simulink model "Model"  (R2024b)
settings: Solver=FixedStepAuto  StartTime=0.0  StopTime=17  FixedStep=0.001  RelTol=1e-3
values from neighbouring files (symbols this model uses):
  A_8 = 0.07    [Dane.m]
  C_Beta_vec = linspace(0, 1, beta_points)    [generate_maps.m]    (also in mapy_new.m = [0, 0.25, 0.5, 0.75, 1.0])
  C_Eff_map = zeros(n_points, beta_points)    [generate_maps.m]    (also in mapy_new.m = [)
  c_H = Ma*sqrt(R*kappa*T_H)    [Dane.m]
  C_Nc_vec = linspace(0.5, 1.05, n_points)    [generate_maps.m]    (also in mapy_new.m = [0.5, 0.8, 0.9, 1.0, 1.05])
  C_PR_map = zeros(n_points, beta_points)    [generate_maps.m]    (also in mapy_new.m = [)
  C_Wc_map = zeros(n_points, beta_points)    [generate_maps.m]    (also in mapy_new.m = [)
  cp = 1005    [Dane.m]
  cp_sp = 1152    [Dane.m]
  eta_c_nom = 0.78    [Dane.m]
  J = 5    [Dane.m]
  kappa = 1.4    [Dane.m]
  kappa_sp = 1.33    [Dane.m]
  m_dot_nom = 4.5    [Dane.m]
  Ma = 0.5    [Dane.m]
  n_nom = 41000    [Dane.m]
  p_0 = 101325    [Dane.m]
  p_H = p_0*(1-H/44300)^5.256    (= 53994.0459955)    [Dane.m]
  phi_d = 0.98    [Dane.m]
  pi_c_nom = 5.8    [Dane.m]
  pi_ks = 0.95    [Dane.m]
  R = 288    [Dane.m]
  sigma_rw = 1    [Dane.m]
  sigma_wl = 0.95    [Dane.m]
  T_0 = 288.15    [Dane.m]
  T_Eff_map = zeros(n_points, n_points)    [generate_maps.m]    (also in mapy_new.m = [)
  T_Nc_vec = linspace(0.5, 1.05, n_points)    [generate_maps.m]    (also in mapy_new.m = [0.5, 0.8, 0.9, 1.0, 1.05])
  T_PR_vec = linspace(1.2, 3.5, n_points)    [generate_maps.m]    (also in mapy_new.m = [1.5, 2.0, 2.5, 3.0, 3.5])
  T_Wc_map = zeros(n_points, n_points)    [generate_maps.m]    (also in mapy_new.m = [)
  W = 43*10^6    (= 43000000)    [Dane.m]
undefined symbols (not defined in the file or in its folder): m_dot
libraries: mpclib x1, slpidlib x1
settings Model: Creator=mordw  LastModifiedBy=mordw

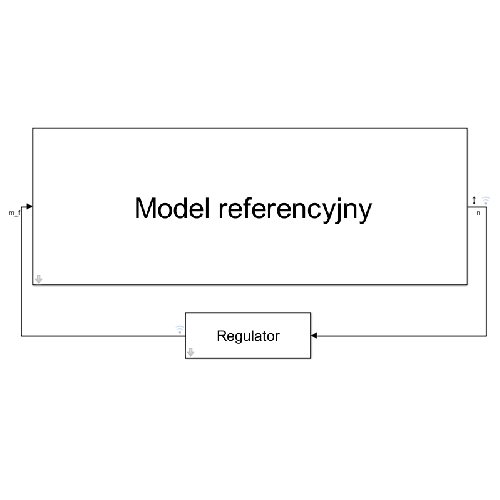
[thumbnail: Simulink's stored preview of the top-level diagram]
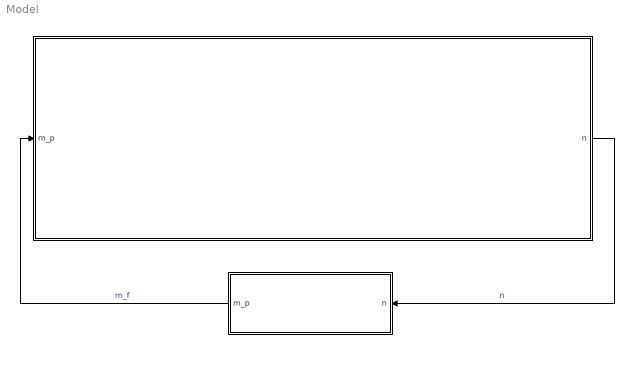
== system Model ==
  " " : Subsystem
      mask DialogControl Control2 Prompt: Reference model
  "  " : Subsystem
  wires:
  " "/1(n) -> "  "/1(n)  "n"
  "  "/1(m_p) -> " "/1(m_p)  "m_f"

== system Model/  ==
  m_p : Inport
  Reference dobry : Subsystem
  Terminator : Terminator  Commented=on
  Terminator1 : Terminator  Commented=on
  Terminator2 : Terminator  Commented=on
  n : Outport
  wires:
  m_p/1 -> Reference dobry/1(m_p1)
  Reference dobry/1(n1) -> n/1

== system Model/   ==
  n : Inport
  Constant : Constant  Commented=on  Value=n_nom
  Constant1 : Constant  Value=n_nom
  Constant2 : Constant
  MPC Controller : mpclib/MPC Controller  Commented=on  SCDEnableBlockLinearizationSpecification=on  mpcobj=mpc_controller  is_multiple=0  enable_value=0  return_u0=off  updateMPCinCallerWorkspace=on  md_inport=off  mv_inport=off  uref_inport=off  return_cost=off  return_mvseq=off  return_qpstatus=off  return_xseq=off  return_state=off  return_ovseq=off  state_inport=off  umin_inport=off  umax_inport=off  ymin_inport=off  ymax_inport=off  cc_inport=off  ywt_inport=off  uwt_inport=off  duwt_inport=off  rhoeps_inport=off  pm_inport=off  MaximumP=10  HorizonChoice=FixedHorizon  n_ts=0.01  n_p=50  n_mv=1  n_md=0  n_ud=0  n_mo=1  n_uo=0  BlockDataType=double  SampleTimeInherited=off  switch_inport=off
  PID Controller : slpidlib/PID Controller  Controller=PID  Form=Parallel  TimeDomain=Continuous-time  UseExternalTs=off  SampleTime=-1  IntegratorMethod=Forward Euler  FilterMethod=Forward Euler  ControllerParametersSource=internal  P=0.01  I=0.005  UseKiTs=off  D=0  UseExternalDerivativeSource=off  N=100  UseFilter=on  TunerSelectOption=Transfer Function Based (PID Tuner App)  InitialConditionSource=internal  InitialConditionForIntegrator=0  InitialConditionForFilter=0  DifferentiatorICPrevScaledInput=0  ExternalReset=none  TrackingMode=off  Kt=1  LimitOutput=on  SatLimitsSource=internal  UpperSaturationLimit=0.5  LowerSaturationLimit=0  LinearizeAsGain=on  AntiWindupMode=back-calculation  Kb=5  LimitIntegrator=off  UpperIntegratorSaturationLimit=inf  LowerIntegratorSaturationLimit=-inf  POutMin=[]  POutMax=[]  IOutMin=[]  IOutMax=[]  DOutMin=[]  DOutMax=[]  NOutMin=[]  NOutMax=[]  SumOutMin=[]  SumOutMax=[]  SaturationOutMin=[]  SaturationOutMax=[]  PParamMin=[]  PParamMax=[]  IParamMin=[]  IParamMax=[]  DParamMin=[]  DParamMax=[]  NParamMin=[]  NParamMax=[]  KbParamMin=[]  KbParamMax=[]  KtParamMin=[]  KtParamMax=[]  KbOutMin=[]  KbOutMax=[]  KtOutMin=[]  KtOutMax=[]  IntegratorOutMin=[]  IntegratorOutMax=[]  FilterOutMin=[]  FilterOutMax=[]  SumI1OutMin=[]  SumI1OutMax=[]  SumI2OutMin=[]  SumI2OutMax=[]  SumI3OutMin=[]  SumI3OutMax=[]  SumI4OutMin=[]  SumI4OutMax=[]  SumDOutMin=[]  SumDOutMax=[]  DifferentiatorOutMin=[]  DifferentiatorOutMax=[]  FilterDiffOutCoefMin=[]  FilterDiffOutCoefMax=[]  ReciprocalOutMin=[]  ReciprocalOutMax=[]  SumDenOutMin=[]  SumDenOutMax=[]  SumNumOutMin=[]  SumNumOutMax=[]  DivideOutMin=[]  DivideOutMax=[]  UdiffTsProdOutMin=[]  UdiffTsProdOutMax=[]  NTsProdOutMin=[]  NTsProdOutMax=[]  UintegralTsProdOutMin=[]  UintegralTsProdOutMax=[]  UngainTsProdOutMin=[]  UngainTsProdOutMax=[]  ClampingZeroOutDataTypeStr=Inherit: Inherit via back propagation  ClampingZeroOutMin=[]  ClampingZeroOutMax=[]  FilterDenConstantOutDataTypeStr=Inherit: Inherit via back propagation  FilterDenConstantOutMin=[]  FilterDenConstantOutMax=[]  PCopyOutDataTypeStr=Inherit: Inherit via back propagation  PCopyOutMin=[]  PCopyOutMax=[]  NCopyOutDataTypeStr=Inherit: Inherit via back propagation  NCopyOutMin=[]  NCopyOutMax=[]  IntegratorContinuousStateAttributes=''  IntegratorStateMustResolveToSignalObject=off  IntegratorRTWStateStorageClass=Auto  FilterContinuousStateAttributes=''  FilterStateMustResolveToSignalObject=off  FilterRTWStateStorageClass=Auto  ParallelPVariant=InternalParameters  IdealPVariant=Disabled  IVariant=InternalParameters  DVariant=InternalParameters  IntegratorVariant=Continuous  SatVariant=Enabled  AWVariant=BackCalculation  PCopyVariant=Disabled  TRVariant=Disabled  FdbkBlocksVariant=Forward  IdealPFdbkVariant=Disabled  SatFdbkVariant=Disabled  DerivativeFilterVariant=ContFilter  NVariant=InternalParameters  NCopyVariant=Disabled  FilterICVariant=InternalICsFilter  IntegratorICVariant=InternalICs  ExternalResetVariant=Disabled  TRSumVariant=Passthrough  SumFdbkVariant=Disabled  SumVariant=Sum_PID  TsampFilterVariant=InternalTs  TsampNgainVariant=Passthrough  TsampIntegralVariant=Disabled_SignalSpec  ExternalSaturationOutDataTypeStr=Inherit: Same as second input  DerivativeSourceVariant=ErrorSignal  PreIntVariant=InternalPreInt
  Sum : Sum  Inputs=|-+
  Switch : Switch  Criteria=u2 > Threshold  SaturateOnIntegerOverflow=off  InputSameDT=off
  m_p : Outport
  wires:
  n/1 -> Sum/1, MPC Controller/1
  PID Controller/1 -> Switch/1
  MPC Controller/1 -> Switch/3
  Constant1/1 -> Sum/2
  Constant/1 -> MPC Controller/2
  Sum/1 -> PID Controller/1
  Constant2/1 -> Switch/2
  Switch/1 -> m_p/1  "m_p"

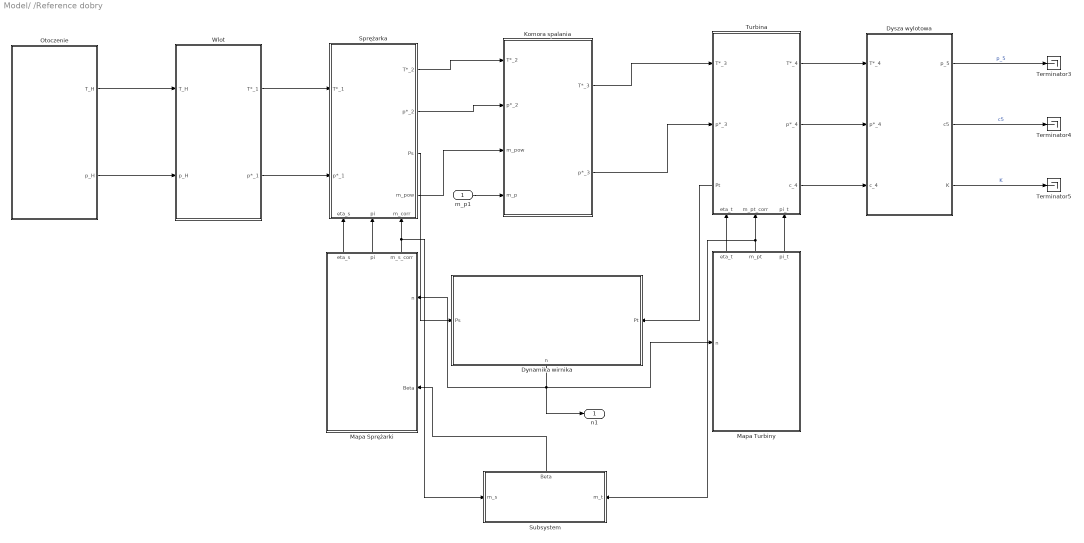
== system Model/ /Reference dobry ==
  m_p1 : Inport
  Dynamika wirnika : Subsystem
      settings: PortSchema="{\"entries\":[{\"content\":{\"sides\":[{\"content\":{\"connectorIds\":[\"In1\"]},\"type\":\"ConnectorPlacement.EquallySpacedRectSide\",\"uuid\":\"92648d91-603a-470e-8d2a-f02149c3db38\"},{\"content\":{\"connectorIds\":[\"In2\"],\"side\":\"RIGHT\"},\"type\":\"ConnectorPlacement.EquallySpacedRectSide\",\"uuid\":\"414f3566-06b2-4981-8d9f-99d3b0ae2fa9\"},{\"content\":{\"side\":\"TOP\"},\"type\":\"ConnectorPlacement.EquallySpacedRectSide\",\"uuid\":\"127541e1-5e00-46d2-b9c4-1484edc24234\"},{\"content\":{\"connectorIds\":[\"Out1\"],\"side\":\"BOTTOM\"},\"type\":\"ConnectorPlacement.EquallySpacedRectSide\",\"uuid\":\"a5106de6-ce0f-46b5-8051-6428c4816053\"}]},\"type\":\"ConnectorPlacement.EquallySpacedConnector\",\"uuid\":\"41cf9bbd-cf38-41c3-a622-f9a01faf9b59\"}],\"packageUris\":[\"http://schema.mathworks.com/mf0/Connector/R2020b\"],\"version\":\"1.0\"}"
  Dysza wylotowa : Subsystem
  Komora spalania : Subsystem
  Mapa Sprężarki : Subsystem
      settings: PortSchema="{\"entries\":[{\"content\":{\"sides\":[{\"content\":{},\"type\":\"ConnectorPlacement.EquallySpacedRectSide\",\"uuid\":\"8677f900-7922-4478-aeeb-e88a17ef6356\"},{\"content\":{\"connectorIds\":[\"In1\",\"In2\"],\"side\":\"RIGHT\"},\"type\":\"ConnectorPlacement.EquallySpacedRectSide\",\"uuid\":\"8ac603c2-697e-40fb-a61e-8eac1944f047\"},{\"content\":{\"connectorIds\":[\"Out1\",\"Out2\",\"Out3\"],\"side\":\"TOP\"},\"type\":\"ConnectorPlacement.EquallySpacedRectSide\",\"uuid\":\"1291509f-f986-4666-8166-1e03e99acc3f\"},{\"content\":{\"side\":\"BOTTOM\"},\"type\":\"ConnectorPlacement.EquallySpacedRectSide\",\"uuid\":\"87618aba-7d63-48a9-a830-8ed0b0805b31\"}]},\"type\":\"ConnectorPlacement.EquallySpacedConnector\",\"uuid\":\"5f7b5324-b2c0-4c4f-ba23-276b96a3be49\"}],\"packageUris\":[\"http://schema.mathworks.com/mf0/Connector/R2020b\"],\"version\":\"1.0\"}"
  Mapa Turbiny : Subsystem
      settings: PortSchema="{\"entries\":[{\"content\":{\"sides\":[{\"content\":{\"connectorIds\":[\"In1\"]},\"type\":\"ConnectorPlacement.EquallySpacedRectSide\",\"uuid\":\"5cf3ab21-3172-420e-8db2-451205a4f6d8\"},{\"content\":{\"side\":\"RIGHT\"},\"type\":\"ConnectorPlacement.EquallySpacedRectSide\",\"uuid\":\"e1f4544a-94e2-479d-8805-7e94a98bc078\"},{\"content\":{\"connectorIds\":[\"Out1\",\"Out2\",\"Out3\"],\"side\":\"TOP\"},\"type\":\"ConnectorPlacement.EquallySpacedRectSide\",\"uuid\":\"0d6b6710-b665-43c6-ac6f-8bcced33118f\"}]},\"type\":\"ConnectorPlacement.EquallySpacedConnector\",\"uuid\":\"393c9c26-fe71-43c8-a3ab-bf8cb9c23c8b\"}],\"packageUris\":[\"http://schema.mathworks.com/mf0/Connector/R2020b\"],\"version\":\"1.0\"}"
  Otoczenie : Subsystem
  Sprężarka : Subsystem
      settings: PortSchema="{\"entries\":[{\"content\":{\"sides\":[{\"content\":{\"connectorIds\":[\"In1\",\"In2\"]},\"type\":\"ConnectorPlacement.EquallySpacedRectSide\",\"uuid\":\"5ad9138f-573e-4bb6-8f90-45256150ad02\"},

▶ _What you should do_
Give back, word for word, only the lines above from the line holding "pi_c_nom = 5.8" to the line holding "T_PR_vec = linspace(1.2, 3.5, n_points)", both included.

▶ _Task response_
  pi_c_nom = 5.8    [Dane.m]
  pi_ks = 0.95    [Dane.m]
  R = 288    [Dane.m]
  sigma_rw = 1    [Dane.m]
  sigma_wl = 0.95    [Dane.m]
  T_0 = 288.15    [Dane.m]
  T_Eff_map = zeros(n_points, n_points)    [generate_maps.m]    (also in mapy_new.m = [)
  T_Nc_vec = linspace(0.5, 1.05, n_points)    [generate_maps.m]    (also in mapy_new.m = [0.5, 0.8, 0.9, 1.0, 1.05])
  T_PR_vec = linspace(1.2, 3.5, n_points)    [generate_maps.m]    (also in mapy_new.m = [1.5, 2.0, 2.5, 3.0, 3.5])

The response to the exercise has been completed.